‘Postcode lottery’ of nutrient intake from crops revealed in new study

22 Jun 2021
Diane Li
Assistant Editor

Industry news

The amount of nutrients people get from the crops that they eat is a type of ‘postcode lottery’, according to new research that has analysed thousands of cereal grains and soils as part of a project to tackle hidden hunger in Malawi and Ethiopia.

A global team led by the University of Nottingham and its Future Food Beacon including academics and researchers from Addis Ababa University (AAU) in Ethiopia and Lilongwe University of Agriculture and Natural Resources(LUANAR) in Malawi, working on the GeoNutrition project, have discovered more about the relation between soils, crops and micronutrient deficiencies among people living there. Their findings have been published today in the journal Nature.

The team analyzed the grain of more than 3000 cereal crop samples from farmers’ fields in Ethiopia and Malawi.

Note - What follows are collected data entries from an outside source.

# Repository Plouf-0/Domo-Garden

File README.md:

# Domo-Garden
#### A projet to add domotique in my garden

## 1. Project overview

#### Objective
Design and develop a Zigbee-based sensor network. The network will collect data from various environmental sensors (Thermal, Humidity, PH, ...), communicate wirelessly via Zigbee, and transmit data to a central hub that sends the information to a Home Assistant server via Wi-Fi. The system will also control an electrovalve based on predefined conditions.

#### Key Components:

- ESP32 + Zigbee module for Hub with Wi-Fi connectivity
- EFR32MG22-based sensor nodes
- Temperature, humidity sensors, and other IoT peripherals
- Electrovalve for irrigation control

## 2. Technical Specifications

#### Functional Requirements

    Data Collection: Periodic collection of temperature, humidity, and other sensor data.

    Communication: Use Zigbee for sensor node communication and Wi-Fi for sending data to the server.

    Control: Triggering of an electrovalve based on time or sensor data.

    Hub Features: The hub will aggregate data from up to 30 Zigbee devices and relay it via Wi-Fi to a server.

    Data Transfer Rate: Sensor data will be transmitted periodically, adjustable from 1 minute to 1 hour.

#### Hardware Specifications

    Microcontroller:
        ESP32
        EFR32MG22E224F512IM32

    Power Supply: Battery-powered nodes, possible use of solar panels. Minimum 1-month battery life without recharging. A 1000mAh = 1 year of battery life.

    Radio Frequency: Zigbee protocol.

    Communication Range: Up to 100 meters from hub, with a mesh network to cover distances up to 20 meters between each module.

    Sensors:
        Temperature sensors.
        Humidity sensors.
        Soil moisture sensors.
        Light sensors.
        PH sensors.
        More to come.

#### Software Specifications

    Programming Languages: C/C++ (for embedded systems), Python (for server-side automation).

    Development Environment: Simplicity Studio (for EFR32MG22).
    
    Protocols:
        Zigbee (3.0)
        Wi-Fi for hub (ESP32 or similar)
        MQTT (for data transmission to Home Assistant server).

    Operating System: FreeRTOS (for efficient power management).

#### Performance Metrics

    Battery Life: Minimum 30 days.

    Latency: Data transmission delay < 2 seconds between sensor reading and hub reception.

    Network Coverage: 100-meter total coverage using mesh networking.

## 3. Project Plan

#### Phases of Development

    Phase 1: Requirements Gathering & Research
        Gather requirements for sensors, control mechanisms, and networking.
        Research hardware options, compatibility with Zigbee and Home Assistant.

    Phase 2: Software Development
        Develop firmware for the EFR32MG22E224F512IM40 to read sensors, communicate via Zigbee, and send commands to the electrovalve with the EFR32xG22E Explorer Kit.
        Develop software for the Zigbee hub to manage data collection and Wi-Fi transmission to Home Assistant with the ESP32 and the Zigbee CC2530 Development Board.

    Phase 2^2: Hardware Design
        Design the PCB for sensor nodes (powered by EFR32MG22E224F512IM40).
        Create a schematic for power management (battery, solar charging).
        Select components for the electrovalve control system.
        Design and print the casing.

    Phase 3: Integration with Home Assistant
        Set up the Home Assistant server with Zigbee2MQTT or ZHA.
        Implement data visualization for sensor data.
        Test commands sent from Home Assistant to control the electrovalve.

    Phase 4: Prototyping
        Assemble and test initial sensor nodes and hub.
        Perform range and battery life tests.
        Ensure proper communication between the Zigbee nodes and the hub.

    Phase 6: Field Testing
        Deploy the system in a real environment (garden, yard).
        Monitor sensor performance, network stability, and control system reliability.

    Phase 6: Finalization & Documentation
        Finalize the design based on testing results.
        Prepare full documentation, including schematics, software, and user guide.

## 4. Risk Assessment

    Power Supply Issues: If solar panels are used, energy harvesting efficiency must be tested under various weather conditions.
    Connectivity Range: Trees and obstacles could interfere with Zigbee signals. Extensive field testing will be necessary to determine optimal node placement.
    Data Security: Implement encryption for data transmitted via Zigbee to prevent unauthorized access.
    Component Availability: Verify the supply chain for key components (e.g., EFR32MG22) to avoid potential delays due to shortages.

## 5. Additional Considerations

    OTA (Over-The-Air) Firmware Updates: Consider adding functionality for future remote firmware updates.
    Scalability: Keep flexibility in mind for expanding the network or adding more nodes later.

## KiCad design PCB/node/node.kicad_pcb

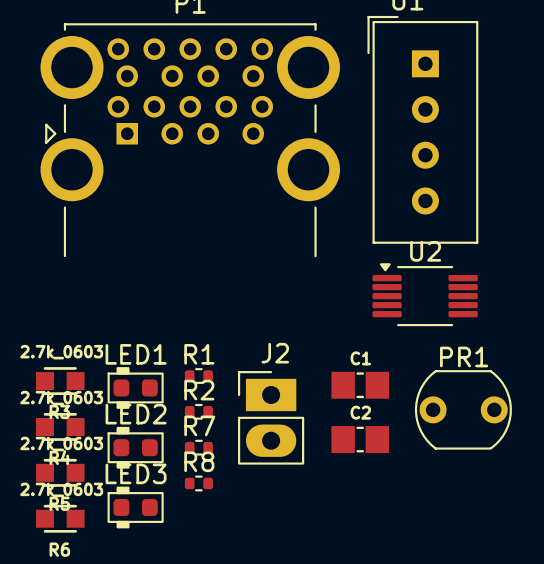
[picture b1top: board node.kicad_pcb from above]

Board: 2 copper layers, 18 parts (0 on the bottom side), 12 nets, no tracks yet.

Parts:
C1, C2: 10uF 6.3V; CAPC2012X70
J2: BATT; PinHeader_1x02_P2.54mm_Vertical
LED1: LED_0603_Green; LED_0603_1608Metric
LED2: LED_0603_Yellow; LED_0603_1608Metric
LED3: LED_0603_Red; LED_0603_1608Metric
P1: USB_C_Plug_USB2.0; USB3_A_Molex_48406-0001_Horizontal_Stacked
PR1: R_LDR_5.1x4.3mm_P3.4mm_Vertical
R1, R2, R7, R8: 10k_0402; R_0402_1005Metric
R3, R4, R5, R6: 2.7k_0603; R_0603
U1: DHT22; Aosong_DHT11_5.5x12.0_P2.54mm
U2: MCP73833-xxx-UN; MSOP-10_3x3mm_P0.5mm

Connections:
+3.3V: C2.1, J2.1, R1.1, R2.1, U1.1 (VDD), U2.9 (V_{BAT}), U2.10 (V_{BAT})
DHT GPIO: R1.2, U1.2 (DATA)
GND: C1.2, C2.2, J2.2, R6.2, R7.1, R8.1, U1.4 (GND), U2.5 (V_{SS})
unnamed: C1.1, LED1.2 (A), LED2.2 (A), LED3.2 (A), U2.1 (V_{DD}), U2.2 (V_{DD})
unnamed: LED1.1 (K), R3.1
unnamed: LED2.1 (K), R4.1
unnamed: LED3.1 (K), R5.1
unnamed: R6.1, R7.2, U2.6 (PROG)
unnamed: R4.2, U2.3 (STAT1)
unnamed: R3.2, U2.4 (STAT2)
unnamed: R8.2, U2.8 (THERM)
unnamed: R5.2, U2.7 (~PG)

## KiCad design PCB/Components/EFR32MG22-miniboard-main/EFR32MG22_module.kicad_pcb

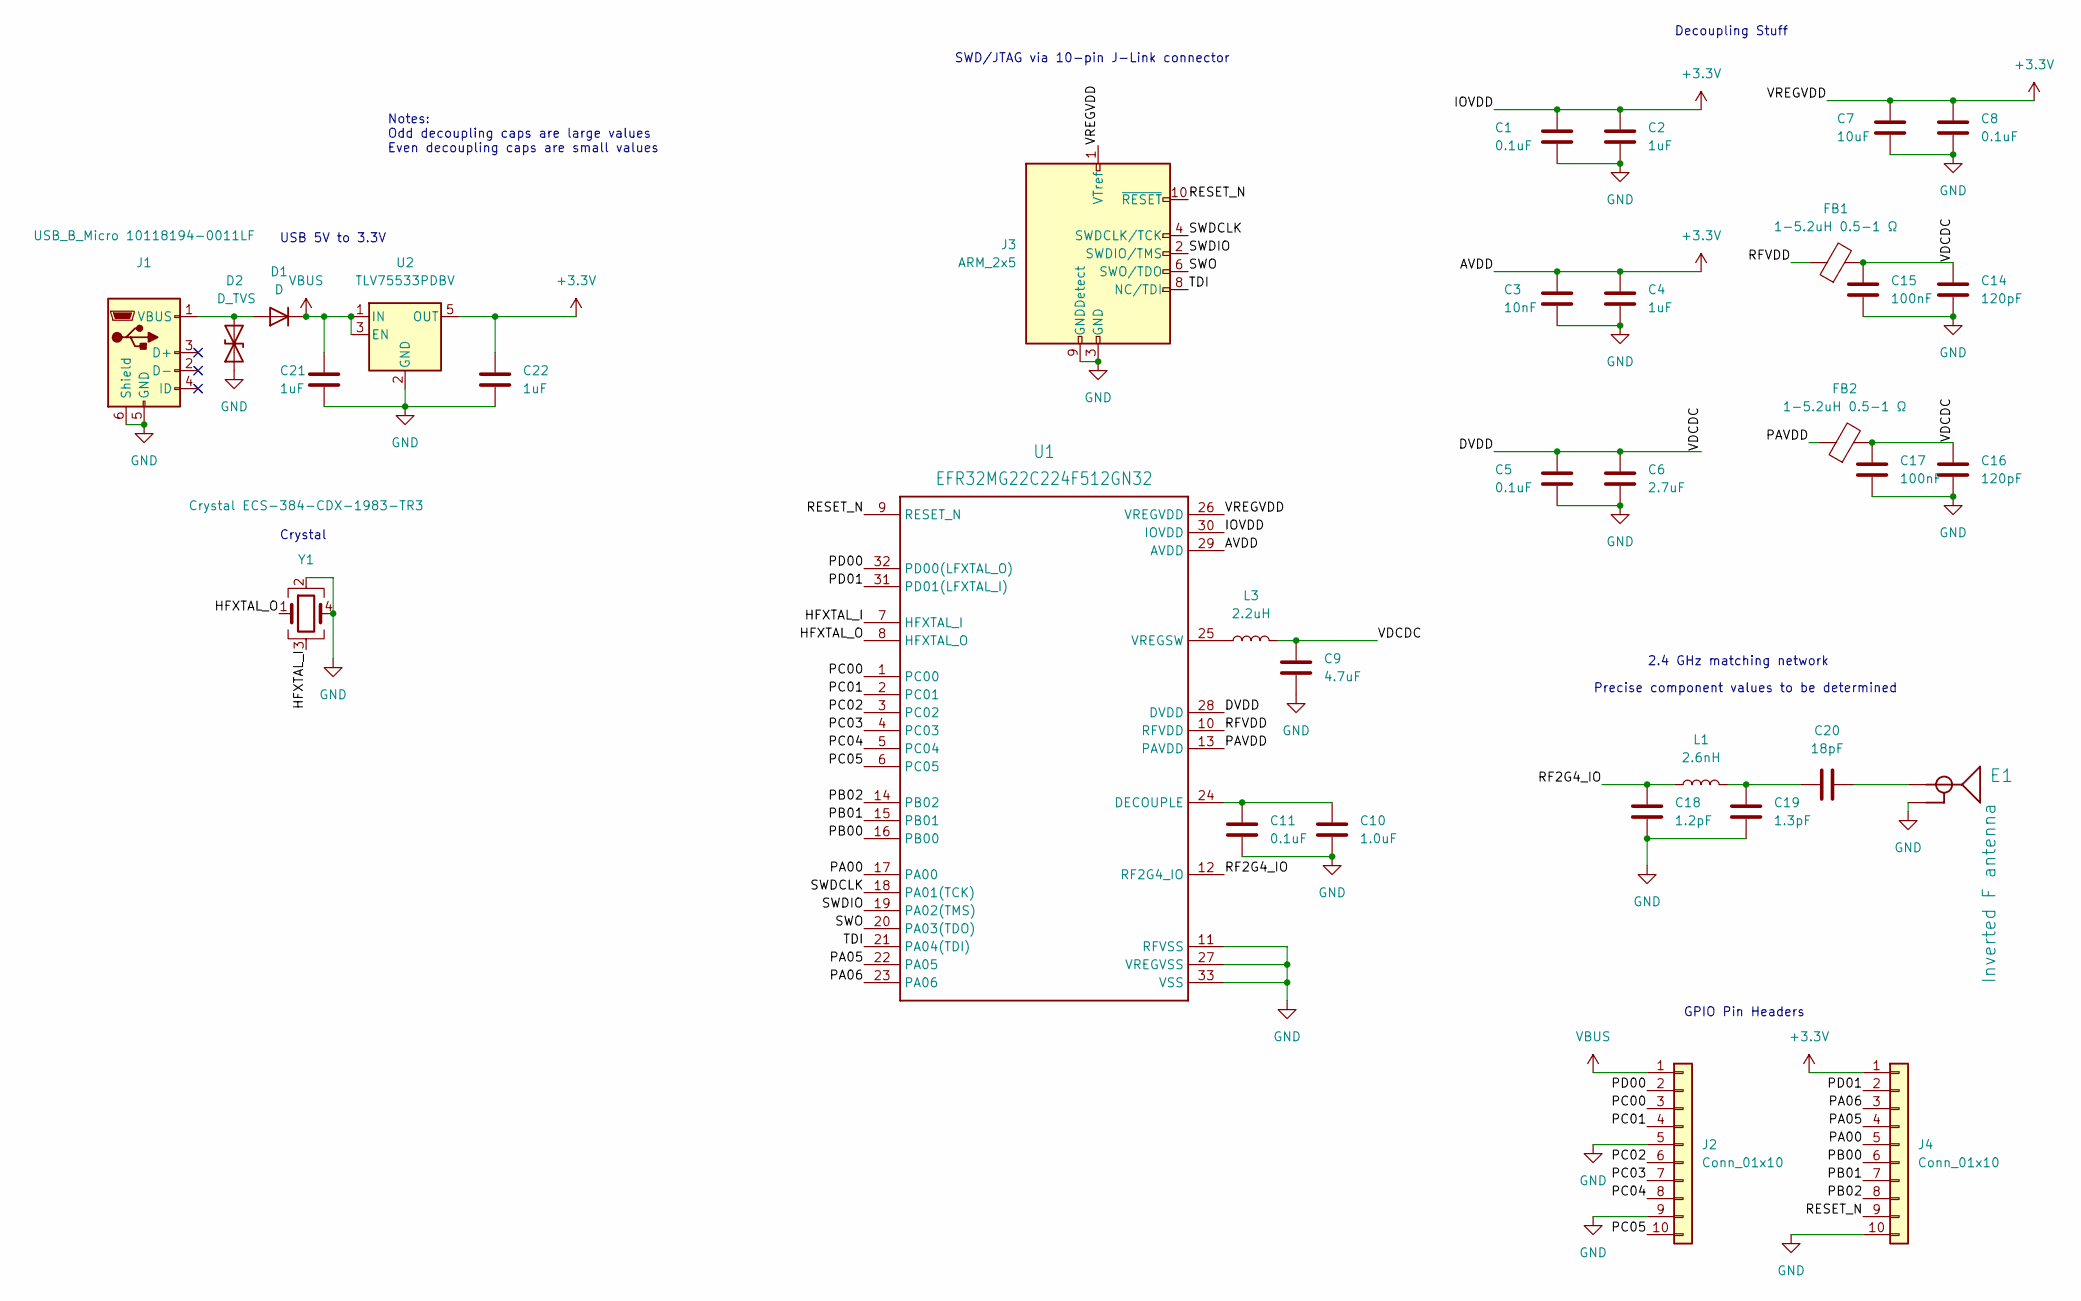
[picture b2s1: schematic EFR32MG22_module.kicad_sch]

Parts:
C1, C5, C8, C11: 0.1uF; C_0603_1608Metric_Pad1.08x0.95mm_HandSolder
C2, C4, C21, C22: 1uF; C_0603_1608Metric_Pad1.08x0.95mm_HandSolder
C3: 10nF; C_0603_1608Metric_Pad1.08x0.95mm_HandSolder
C6: 2.7uF; C_0603_1608Metric_Pad1.08x0.95mm_HandSolder
C7: 10uF; C_0603_1608Metric_Pad1.08x0.95mm_HandSolder
C9: 4.7uF; C_0603_1608Metric_Pad1.08x0.95mm_HandSolder
C10: 1.0uF; C_0603_1608Metric_Pad1.08x0.95mm_HandSolder
C14, C16: 120pF; C_0603_1608Metric_Pad1.08x0.95mm_HandSolder
C15, C17: 100nF; C_0603_1608Metric_Pad1.08x0.95mm_HandSolder
C18: 1.2pF; C_0603_1608Metric_Pad1.08x0.95mm_HandSolder
C19: 1.3pF; C_0603_1608Metric_Pad1.08x0.95mm_HandSolder
C20: 18pF; C_0603_1608Metric_Pad1.08x0.95mm_HandSolder
D1: D; D_SOD-123
D2: D_TVS; D_0201_0603Metric
E1: Inverted F antenna; TRACE_ANTENNA_2.4GHZ_15.2MM
FB1, FB2: 1-5.2uH 0.5-1 Ω; L_0603_1608Metric_Pad1.05x0.95mm_HandSolder
J1: USB_B_Micro 10118194-0011LF; USB_Micro-B_Amphenol_10118194_Horizontal
J2, J4: Conn_01x10; PinHeader_1x10_P2.54mm_Vertical
J3: ARM_2x5; 322010030000TR
L1: 2.6nH; L_0603_1608Metric_Pad1.05x0.95mm_HandSolder
L3: 2.2uH; L_0805_2012Metric_Pad1.15x1.40mm_HandSolder
U1: EFR32MG22C224F512GN32; QFN-32-1EP_4x4mm_P0.4mm_EP2.9x2.9mm_ThermalVias
U2: TLV75533PDBV; SOT-23-5
Y1: Crystal ECS-384-CDX-1983-TR3; Crystal_SMD_2016-4Pin_2.0x1.6mm

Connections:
+3.3V: C1.1, C2.1, C3.1, C4.1, C7.1, C8.1, C22.2, J3.1 (VTref), J4.1, U1.26 (VREGVDD), U1.29 (AVDD), U1.30 (IOVDD), U2.5 (OUT)
/DVDD: C5.1, C6.1, C9.1, C14.1, C15.1, C16.1, C17.1, FB1.2, FB2.2, L3.2, U1.28 (DVDD)
/HFXTAL_I: U1.7 (HFXTAL_I), Y1.3
/HFXTAL_O: U1.8 (HFXTAL_O), Y1.1
/PA00: J4.5, U1.17 (PA00)
/PA05: J4.4, U1.22 (PA05)
/PA06: J4.3, U1.23 (PA06)
/PAVDD: FB2.1, U1.13 (PAVDD)
/PB00: J4.6, U1.16 (PB00)
/PB01: J4.7, U1.15 (PB01)
/PB02: J4.8, U1.14 (PB02)
/PC00: J2.3, U1.1 (PC00)
/PC01: J2.4, U1.2 (PC01)
/PC02: J2.6, U1.3 (PC02)
/PC03: J2.7, U1.4 (PC03)
/PC04: J2.8, U1.5 (PC04)
/PC05: J2.10, U1.6 (PC05)
/PD00: J2.2, U1.32 (PD00(LFXTAL_O))
/PD01: J4.2, U1.31 (PD01(LFXTAL_I))
/RESET_N: J3.10 (~RESET), J4.9, U1.9 (RESET_N)
/RF2G4_IO: C18.1, L1.1, U1.12 (RF2G4_IO)
/RFVDD: FB1.1, U1.10 (RFVDD)
/SWDCLK: J3.4 (SWDCLK/TCK), U1.18 (PA01(TCK))
/SWDIO: J3.2 (SWDIO/TMS), U1.19 (PA02(TMS))
/SWO: J3.6 (SWO/TDO), U1.20 (PA03(TDO))
/TDI: J3.8 (NC/TDI), U1.21 (PA04(TDI))
GND: C1.2, C2.2, C3.2, C4.2, C5.2, C6.2, C7.2, C8.2, C9.2, C10.2, C11.2, C14.2, C15.2, C16.2, C17.2, C18.2, C19.2, C21.1, C22.1, D2.1 (A1), E1.GND, J1.5 (GND), J1.6 (Shield), J2.5, J2.9, J3.3 (GND), J3.5 (GND), J3.9 (GNDDetect), J4.10, U1.11 (RFVSS), U1.27 (VREGVSS), U1.33 (VSS), U2.2 (GND), Y1.2, Y1.4
unnamed: C10.1, C11.1, U1.24 (DECOUPLE)
unnamed: C19.1, C20.2, L1.2
unnamed: C20.1, E1.ANT (SIGNAL)
unnamed: D1.2 (A), D2.2 (A2), J1.1 (VBUS)
unnamed: L3.1, U1.25 (VREGSW)
VBUS: C21.2, D1.1 (K), J2.1, U2.1 (IN), U2.3 (EN)

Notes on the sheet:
GPIO Pin Headers
Precise component values to be determined
Notes: Odd decoupling caps are large values Even decoupling caps are small values
2.4 GHz matching network
SWD/JTAG via 10-pin J-Link connector
Crystal
Decoupling Stuff
USB 5V to 3.3V

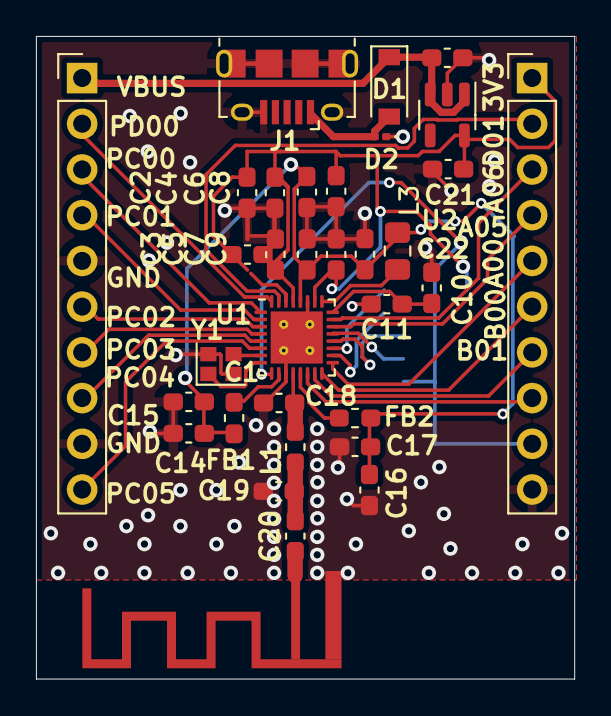
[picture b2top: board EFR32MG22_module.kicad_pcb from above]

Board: 2 copper layers, 29.9 x 35.7 mm, 34 parts (1 on the bottom side), 33 nets.

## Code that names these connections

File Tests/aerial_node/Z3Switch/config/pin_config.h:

#ifndef PIN_CONFIG_H
#define PIN_CONFIG_H

// $[CMU]
// [CMU]$

// $[LFXO]
// [LFXO]$

// $[PRS.ASYNCH0]
// [PRS.ASYNCH0]$

// $[PRS.ASYNCH1]
// [PRS.ASYNCH1]$

// $[PRS.ASYNCH2]
// [PRS.ASYNCH2]$

// $[PRS.ASYNCH3]
// [PRS.ASYNCH3]$

// $[PRS.ASYNCH4]
// [PRS.ASYNCH4]$

// $[PRS.ASYNCH5]
// [PRS.ASYNCH5]$

// $[PRS.ASYNCH6]
// [PRS.ASYNCH6]$

// $[PRS.ASYNCH7]
// [PRS.ASYNCH7]$

// $[PRS.ASYNCH8]
// [PRS.ASYNCH8]$

// $[PRS.ASYNCH9]
// [PRS.ASYNCH9]$

// $[PRS.ASYNCH10]
// [PRS.ASYNCH10]$

// $[PRS.ASYNCH11]
// [PRS.ASYNCH11]$

// $[PRS.SYNCH0]
// [PRS.SYNCH0]$

// $[PRS.SYNCH1]
// [PRS.SYNCH1]$

// $[PRS.SYNCH2]
// [PRS.SYNCH2]$

// $[PRS.SYNCH3]
// [PRS.SYNCH3]$

// $[GPIO]
// GPIO SWV on PA03
#ifndef GPIO_SWV_PORT                           
#define GPIO_SWV_PORT                            gpioPortA
#endif
#ifndef GPIO_SWV_PIN                            
#define GPIO_SWV_PIN                             3
#endif

// [GPIO]$

// $[TIMER0]
// [TIMER0]$

// $[TIMER1]
// [TIMER1]$

// $[TIMER2]
// [TIMER2]$

// $[TIMER3]
// [TIMER3]$

// $[TIMER4]
// [TIMER4]$

// $[USART0]
// [USART0]$

// $[USART1]
// [USART1]$

// $[I2C1]
// [I2C1]$

// $[PDM]
// [PDM]$

// $[LETIMER0]
// [LETIMER0]$

// $[IADC0]
// [IADC0]$

// $[I2C0]
// [I2C0]$

// $[EUART0]
// EUART0 CTS on PA08
#ifndef EUART0_CTS_PORT                         
#define EUART0_CTS_PORT                          gpioPortA
#endif
#ifndef EUART0_CTS_PIN                          
#define EUART0_CTS_PIN                           8
#endif

// EUART0 RTS on PA07
#ifndef EUART0_RTS_PORT                         
#define EUART0_RTS_PORT                          gpioPortA
#endif
#ifndef EUART0_RTS_PIN                          
#define EUART0_RTS_PIN                           7
#endif

// EUART0 RX on PA06
#ifndef EUART0_RX_PORT                          
#define EUART0_RX_PORT                           gpioPortA
#endif
#ifndef EUART0_RX_PIN                           
#define EUART0_RX_PIN                            6
#endif

// EUART0 TX on PA05
#ifndef EUART0_TX_PORT                          
#define EUART0_TX_PORT                           gpioPortA
#endif
#ifndef EUART0_TX_PIN                           
#define EUART0_TX_PIN                            5
#endif

// [EUART0]$

// $[PTI]
// PTI DFRAME on PC05
#ifndef PTI_DFRAME_PORT                         
#define PTI_DFRAME_PORT                          gpioPortC
#endif
#ifndef PTI_DFRAME_PIN                          
#define PTI_DFRAME_PIN                           5
#endif

// PTI DOUT on PC04
#ifndef PTI_DOUT_PORT                           
#define PTI_DOUT_PORT                            gpioPortC
#endif
#ifndef PTI_DOUT_PIN                            
#define PTI_DOUT_PIN                             4
#endif

// [PTI]$

// $[MODEM]
// [MODEM]$

// $[CUSTOM_PIN_NAME]
#ifndef _PORT                                   
#define _PORT                                    gpioPortA
#endif
#ifndef _PIN                                    
#define _PIN                                     0
#endif

// [CUSTOM_PIN_NAME]$

#endif // PIN_CONFIG_H

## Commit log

2024-09-10 udate readme
2024-09-12 init PCB project
2024-09-20 update pcb
2024-09-29 change to add jlink
2024-10-15 tests_efr
2024-10-22 creation tests
2024-10-22 add tests

They found that the amount of the dietary micronutrients calcium, iron, selenium, and zinc in the cereal grain varied substantially with location, with some areas showing much lower levels of micronutrients than others. Some cereal types, such as millets, are more nutritious than others, such as maize. However, whether deficiencies are likely in an area also depends on its soils and landscapes.

Micronutrients include the vitamins and minerals which the body requires from the diet in small quantities, for a range of functions. Micronutrient deficiencies, also known as hidden hunger, are common globally, affecting more than half of children younger than 5 years of age, especially where access to sufficient food from plant and animal sources that are rich in micronutrients is limited for socioeconomic reasons. Micronutrient deficiencies pose a serious risk to human health, including the growth and cognitive development of children and susceptibility to infectious and non-communicable diseases.

This research shows that location is intrinsically linked to the nutritional quality of diets. Getting enough micronutrientsis a type of 'postcode lottery' with nutritional value varying by location. This will particularly affect rural households who consume locally sourced food, including many smallholder farming communities where the location may even be the largest influencing factor in determining the dietary intake of micronutrients.

The project was funded primarily by the Bill & Melinda Gates Foundation, led by Martin Broadley, Professor of Plant Nutrition in the School of Biosciences and a contributor to the Future Food Beacon.

"It is important to have good quality evidence on the nutritional quality of diets if we are going to support public health and agriculture policies to improve peoples’ health and wellbeing. Mapping the quality of diets is an important part of this evidence," Martin Broadley, Professor of Plant Nutrition.

The co-lead authors of the paper are Dr Dawd Gashu, working in the Centre for Food Science and Nutrition at AAU, and Dr Patson Nalivata, in the Department of Crop and Soil Science at LUANAR. Dr Gashu said: “Nutritional surveillance work on the quality of staple cereals is an important part of wider public health policies to address micronutrient deficiencies and we hope that this type of work is now adopted in more countries.”

Dr Nalivata said: “By learning more about how the nutritional quality of cereal grains is linked to soil types and landscapes, as we have in this study, we are now better able to advise farmers how to choose and cultivate more nutritious crops.”

Other partners in this project include agricultural scientists, nutritionists, statisticians, ethicists and economists from the London School of Hygiene & Tropical Medicine (LSHTM), Rothamsted Research and British Geological Survey(BGS) in the UK. International partners include College of Medicine (University of Malawi), International Maize and Wheat Improvement Centre (CIMMYT), International Crops Research Institute for the Semi-Arid Tropics (ICRISAT), and the World Agroforestry Centre (ICRAF).

The investment from the Gates Foundation was supported by projects funded by the UK Government via the UKRI’s Global Challenges Research Fund (GCRF), the Royal Society, the Foreign, Commonwealth and Development Office (FCDO), and the Biotechnology and Biological Sciences Research Council (BBSRC).